Data listing
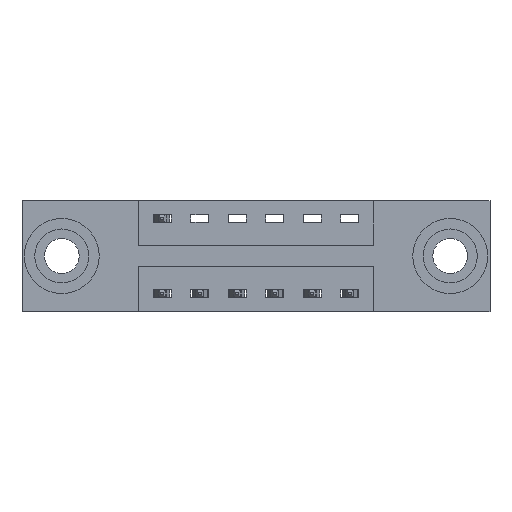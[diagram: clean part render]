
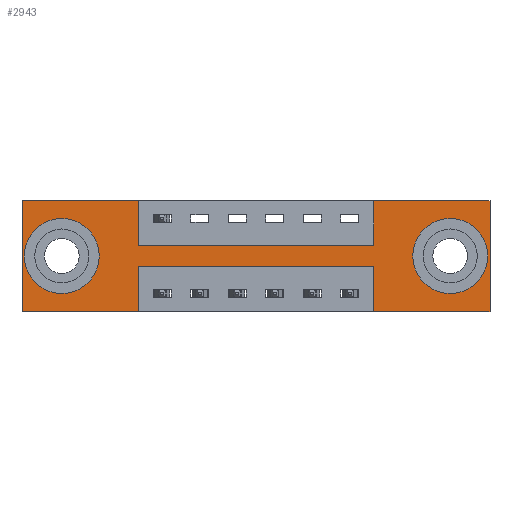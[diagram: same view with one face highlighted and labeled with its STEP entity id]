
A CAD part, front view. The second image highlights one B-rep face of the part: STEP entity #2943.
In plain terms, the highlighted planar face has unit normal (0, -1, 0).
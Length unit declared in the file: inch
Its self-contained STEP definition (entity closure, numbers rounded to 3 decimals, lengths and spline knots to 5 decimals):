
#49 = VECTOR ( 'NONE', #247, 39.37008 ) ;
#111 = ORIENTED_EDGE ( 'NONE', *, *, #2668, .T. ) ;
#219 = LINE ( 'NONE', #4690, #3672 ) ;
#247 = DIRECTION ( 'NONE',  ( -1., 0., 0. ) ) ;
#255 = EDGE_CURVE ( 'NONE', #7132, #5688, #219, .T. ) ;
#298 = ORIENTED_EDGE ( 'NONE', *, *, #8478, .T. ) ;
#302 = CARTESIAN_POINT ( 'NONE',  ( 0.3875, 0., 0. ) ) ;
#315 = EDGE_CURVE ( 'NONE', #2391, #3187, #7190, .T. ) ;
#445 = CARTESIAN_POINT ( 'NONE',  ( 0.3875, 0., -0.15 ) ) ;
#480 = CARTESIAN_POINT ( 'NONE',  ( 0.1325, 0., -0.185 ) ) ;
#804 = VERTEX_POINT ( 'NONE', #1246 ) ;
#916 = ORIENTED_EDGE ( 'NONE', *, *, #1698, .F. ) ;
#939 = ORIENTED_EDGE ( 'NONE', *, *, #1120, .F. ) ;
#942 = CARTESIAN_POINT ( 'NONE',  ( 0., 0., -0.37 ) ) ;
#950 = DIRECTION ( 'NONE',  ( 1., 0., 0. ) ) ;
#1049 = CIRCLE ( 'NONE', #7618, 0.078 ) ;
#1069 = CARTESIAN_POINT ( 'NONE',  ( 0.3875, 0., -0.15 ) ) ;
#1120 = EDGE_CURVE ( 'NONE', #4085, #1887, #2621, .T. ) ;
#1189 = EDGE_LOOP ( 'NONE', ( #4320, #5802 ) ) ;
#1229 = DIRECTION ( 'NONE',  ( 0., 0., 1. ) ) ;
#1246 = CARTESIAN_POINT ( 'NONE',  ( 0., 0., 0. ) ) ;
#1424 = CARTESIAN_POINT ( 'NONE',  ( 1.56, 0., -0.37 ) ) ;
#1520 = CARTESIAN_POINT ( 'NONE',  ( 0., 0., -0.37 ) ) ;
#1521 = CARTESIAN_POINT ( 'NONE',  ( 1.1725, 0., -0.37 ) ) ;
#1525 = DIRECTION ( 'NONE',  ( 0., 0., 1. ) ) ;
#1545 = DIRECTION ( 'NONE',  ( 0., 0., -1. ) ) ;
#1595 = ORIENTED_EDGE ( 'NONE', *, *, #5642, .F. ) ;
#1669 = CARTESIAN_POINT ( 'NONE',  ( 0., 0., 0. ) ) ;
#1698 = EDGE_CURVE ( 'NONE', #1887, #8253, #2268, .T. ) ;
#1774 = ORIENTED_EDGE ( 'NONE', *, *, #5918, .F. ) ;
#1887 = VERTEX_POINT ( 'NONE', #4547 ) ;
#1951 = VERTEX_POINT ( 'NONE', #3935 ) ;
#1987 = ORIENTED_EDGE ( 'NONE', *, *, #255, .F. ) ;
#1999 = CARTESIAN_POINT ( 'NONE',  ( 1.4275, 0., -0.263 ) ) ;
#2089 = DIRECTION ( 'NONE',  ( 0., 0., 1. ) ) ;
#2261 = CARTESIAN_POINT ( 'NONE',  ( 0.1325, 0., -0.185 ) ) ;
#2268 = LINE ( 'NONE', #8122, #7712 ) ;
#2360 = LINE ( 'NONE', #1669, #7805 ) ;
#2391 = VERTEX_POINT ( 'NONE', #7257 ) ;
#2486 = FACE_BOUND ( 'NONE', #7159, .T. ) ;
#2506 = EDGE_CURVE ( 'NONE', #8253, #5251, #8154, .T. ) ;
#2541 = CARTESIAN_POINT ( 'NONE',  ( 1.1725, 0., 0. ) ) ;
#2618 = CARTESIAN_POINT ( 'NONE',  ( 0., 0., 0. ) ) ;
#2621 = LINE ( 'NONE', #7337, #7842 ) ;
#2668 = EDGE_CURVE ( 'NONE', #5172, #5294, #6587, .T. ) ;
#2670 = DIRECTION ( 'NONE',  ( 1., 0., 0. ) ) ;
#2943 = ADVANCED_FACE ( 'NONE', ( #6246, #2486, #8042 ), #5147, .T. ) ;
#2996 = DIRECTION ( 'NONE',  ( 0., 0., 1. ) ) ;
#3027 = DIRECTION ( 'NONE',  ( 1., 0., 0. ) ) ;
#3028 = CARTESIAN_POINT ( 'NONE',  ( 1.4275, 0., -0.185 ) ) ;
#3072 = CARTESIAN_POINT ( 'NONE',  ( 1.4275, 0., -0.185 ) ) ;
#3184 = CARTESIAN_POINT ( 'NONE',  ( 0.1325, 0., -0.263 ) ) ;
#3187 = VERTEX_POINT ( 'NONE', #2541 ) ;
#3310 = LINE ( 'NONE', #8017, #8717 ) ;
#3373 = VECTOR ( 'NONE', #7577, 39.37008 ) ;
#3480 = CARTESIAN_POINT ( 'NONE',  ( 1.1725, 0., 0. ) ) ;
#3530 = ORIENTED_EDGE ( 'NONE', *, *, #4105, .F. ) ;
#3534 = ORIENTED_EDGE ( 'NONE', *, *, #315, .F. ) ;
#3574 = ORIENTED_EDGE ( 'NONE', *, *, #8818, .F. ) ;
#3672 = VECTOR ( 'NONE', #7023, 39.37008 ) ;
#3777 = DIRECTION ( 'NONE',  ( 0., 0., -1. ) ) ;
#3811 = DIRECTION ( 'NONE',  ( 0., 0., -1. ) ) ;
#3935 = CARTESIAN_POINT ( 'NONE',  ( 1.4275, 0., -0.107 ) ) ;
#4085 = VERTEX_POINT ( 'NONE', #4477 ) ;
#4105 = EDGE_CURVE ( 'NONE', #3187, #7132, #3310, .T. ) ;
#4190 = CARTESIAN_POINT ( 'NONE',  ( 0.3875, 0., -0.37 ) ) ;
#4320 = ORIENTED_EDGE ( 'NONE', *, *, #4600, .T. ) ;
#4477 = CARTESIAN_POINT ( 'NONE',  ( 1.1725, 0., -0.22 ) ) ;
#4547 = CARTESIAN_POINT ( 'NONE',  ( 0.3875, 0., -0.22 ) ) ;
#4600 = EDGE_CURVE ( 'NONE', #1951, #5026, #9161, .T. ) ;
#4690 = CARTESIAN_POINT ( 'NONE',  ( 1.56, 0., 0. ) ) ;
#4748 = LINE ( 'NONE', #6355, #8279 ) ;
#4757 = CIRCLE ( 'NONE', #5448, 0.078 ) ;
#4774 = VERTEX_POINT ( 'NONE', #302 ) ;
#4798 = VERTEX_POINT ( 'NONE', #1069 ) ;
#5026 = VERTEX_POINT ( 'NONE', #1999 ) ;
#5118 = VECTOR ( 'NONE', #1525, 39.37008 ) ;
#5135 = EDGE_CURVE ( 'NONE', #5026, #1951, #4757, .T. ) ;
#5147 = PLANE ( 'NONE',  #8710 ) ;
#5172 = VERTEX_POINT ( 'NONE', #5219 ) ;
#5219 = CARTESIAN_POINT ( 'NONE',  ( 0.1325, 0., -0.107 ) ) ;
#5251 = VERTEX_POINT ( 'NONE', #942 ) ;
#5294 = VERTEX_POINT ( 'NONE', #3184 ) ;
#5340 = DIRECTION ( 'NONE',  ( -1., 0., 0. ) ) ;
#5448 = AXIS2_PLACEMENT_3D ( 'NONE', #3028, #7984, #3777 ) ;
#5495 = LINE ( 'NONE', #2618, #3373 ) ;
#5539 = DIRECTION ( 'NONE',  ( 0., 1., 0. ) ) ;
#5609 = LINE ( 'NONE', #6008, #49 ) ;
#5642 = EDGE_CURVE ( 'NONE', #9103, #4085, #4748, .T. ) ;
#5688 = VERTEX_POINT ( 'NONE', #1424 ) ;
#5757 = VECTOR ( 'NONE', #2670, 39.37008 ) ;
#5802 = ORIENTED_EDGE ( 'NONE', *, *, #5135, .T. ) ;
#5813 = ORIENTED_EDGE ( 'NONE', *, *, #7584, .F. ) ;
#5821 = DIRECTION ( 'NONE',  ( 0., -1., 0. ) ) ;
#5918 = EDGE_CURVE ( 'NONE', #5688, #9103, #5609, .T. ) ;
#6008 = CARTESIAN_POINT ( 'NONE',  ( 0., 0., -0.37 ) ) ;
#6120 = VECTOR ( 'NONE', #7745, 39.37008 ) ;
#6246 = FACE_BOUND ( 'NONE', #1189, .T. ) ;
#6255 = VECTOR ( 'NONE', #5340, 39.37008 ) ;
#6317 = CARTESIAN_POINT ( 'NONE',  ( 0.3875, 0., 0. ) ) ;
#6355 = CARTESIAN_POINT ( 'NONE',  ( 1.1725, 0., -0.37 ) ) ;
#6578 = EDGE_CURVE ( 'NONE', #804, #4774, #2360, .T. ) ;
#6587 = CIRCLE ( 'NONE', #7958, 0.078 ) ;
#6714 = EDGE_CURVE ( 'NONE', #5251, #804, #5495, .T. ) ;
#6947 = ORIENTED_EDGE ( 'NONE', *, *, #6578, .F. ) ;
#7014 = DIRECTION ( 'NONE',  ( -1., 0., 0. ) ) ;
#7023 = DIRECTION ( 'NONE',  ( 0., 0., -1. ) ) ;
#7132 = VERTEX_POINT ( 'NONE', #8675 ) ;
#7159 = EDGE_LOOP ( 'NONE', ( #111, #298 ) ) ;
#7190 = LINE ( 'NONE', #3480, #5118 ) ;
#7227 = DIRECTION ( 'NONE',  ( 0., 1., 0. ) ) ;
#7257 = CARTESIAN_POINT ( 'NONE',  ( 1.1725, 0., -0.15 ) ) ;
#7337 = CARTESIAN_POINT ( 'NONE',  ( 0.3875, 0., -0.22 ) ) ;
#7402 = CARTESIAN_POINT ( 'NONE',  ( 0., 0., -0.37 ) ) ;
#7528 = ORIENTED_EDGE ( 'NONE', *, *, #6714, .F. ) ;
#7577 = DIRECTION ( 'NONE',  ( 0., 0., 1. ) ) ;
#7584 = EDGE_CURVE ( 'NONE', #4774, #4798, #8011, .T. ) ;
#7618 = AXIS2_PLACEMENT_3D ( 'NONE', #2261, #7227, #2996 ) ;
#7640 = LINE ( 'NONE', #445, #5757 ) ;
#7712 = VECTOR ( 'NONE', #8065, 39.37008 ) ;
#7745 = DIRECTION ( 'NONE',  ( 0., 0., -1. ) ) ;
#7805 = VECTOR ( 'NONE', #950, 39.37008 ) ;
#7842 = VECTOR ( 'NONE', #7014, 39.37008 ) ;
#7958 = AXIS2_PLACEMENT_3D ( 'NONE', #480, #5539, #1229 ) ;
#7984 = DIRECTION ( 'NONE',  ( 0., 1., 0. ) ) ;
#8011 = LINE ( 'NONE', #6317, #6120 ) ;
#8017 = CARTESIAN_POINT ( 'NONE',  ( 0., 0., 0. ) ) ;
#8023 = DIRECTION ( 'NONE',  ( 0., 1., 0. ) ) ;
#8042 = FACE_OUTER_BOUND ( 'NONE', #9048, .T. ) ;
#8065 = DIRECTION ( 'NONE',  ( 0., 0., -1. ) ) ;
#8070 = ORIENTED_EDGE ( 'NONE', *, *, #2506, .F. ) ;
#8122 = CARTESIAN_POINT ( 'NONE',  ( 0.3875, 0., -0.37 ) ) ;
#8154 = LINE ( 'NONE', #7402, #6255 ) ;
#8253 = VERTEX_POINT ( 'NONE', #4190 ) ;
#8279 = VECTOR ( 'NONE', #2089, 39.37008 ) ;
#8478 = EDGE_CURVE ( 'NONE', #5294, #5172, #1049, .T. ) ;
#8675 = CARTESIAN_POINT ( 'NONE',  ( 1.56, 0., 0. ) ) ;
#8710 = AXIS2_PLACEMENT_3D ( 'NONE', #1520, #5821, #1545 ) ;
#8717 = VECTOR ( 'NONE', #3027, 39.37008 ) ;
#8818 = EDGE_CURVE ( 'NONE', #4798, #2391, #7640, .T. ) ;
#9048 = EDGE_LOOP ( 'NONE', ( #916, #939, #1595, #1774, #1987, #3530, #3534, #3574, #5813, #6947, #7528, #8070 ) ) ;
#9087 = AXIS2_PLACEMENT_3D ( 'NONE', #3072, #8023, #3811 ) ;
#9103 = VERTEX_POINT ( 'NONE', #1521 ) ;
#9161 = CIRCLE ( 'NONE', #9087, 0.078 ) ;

Work order
Repeat exactly the lines above from the one with "#804 = VERTEX_POINT ( 'NONE', #1246 ) ;" up to and including the one with "#1120 = EDGE_CURVE". No other line belongs in the reply.

Your response
#804 = VERTEX_POINT ( 'NONE', #1246 ) ;
#916 = ORIENTED_EDGE ( 'NONE', *, *, #1698, .F. ) ;
#939 = ORIENTED_EDGE ( 'NONE', *, *, #1120, .F. ) ;
#942 = CARTESIAN_POINT ( 'NONE',  ( 0., 0., -0.37 ) ) ;
#950 = DIRECTION ( 'NONE',  ( 1., 0., 0. ) ) ;
#1049 = CIRCLE ( 'NONE', #7618, 0.078 ) ;
#1069 = CARTESIAN_POINT ( 'NONE',  ( 0.3875, 0., -0.15 ) ) ;
#1120 = EDGE_CURVE ( 'NONE', #4085, #1887, #2621, .T. ) ;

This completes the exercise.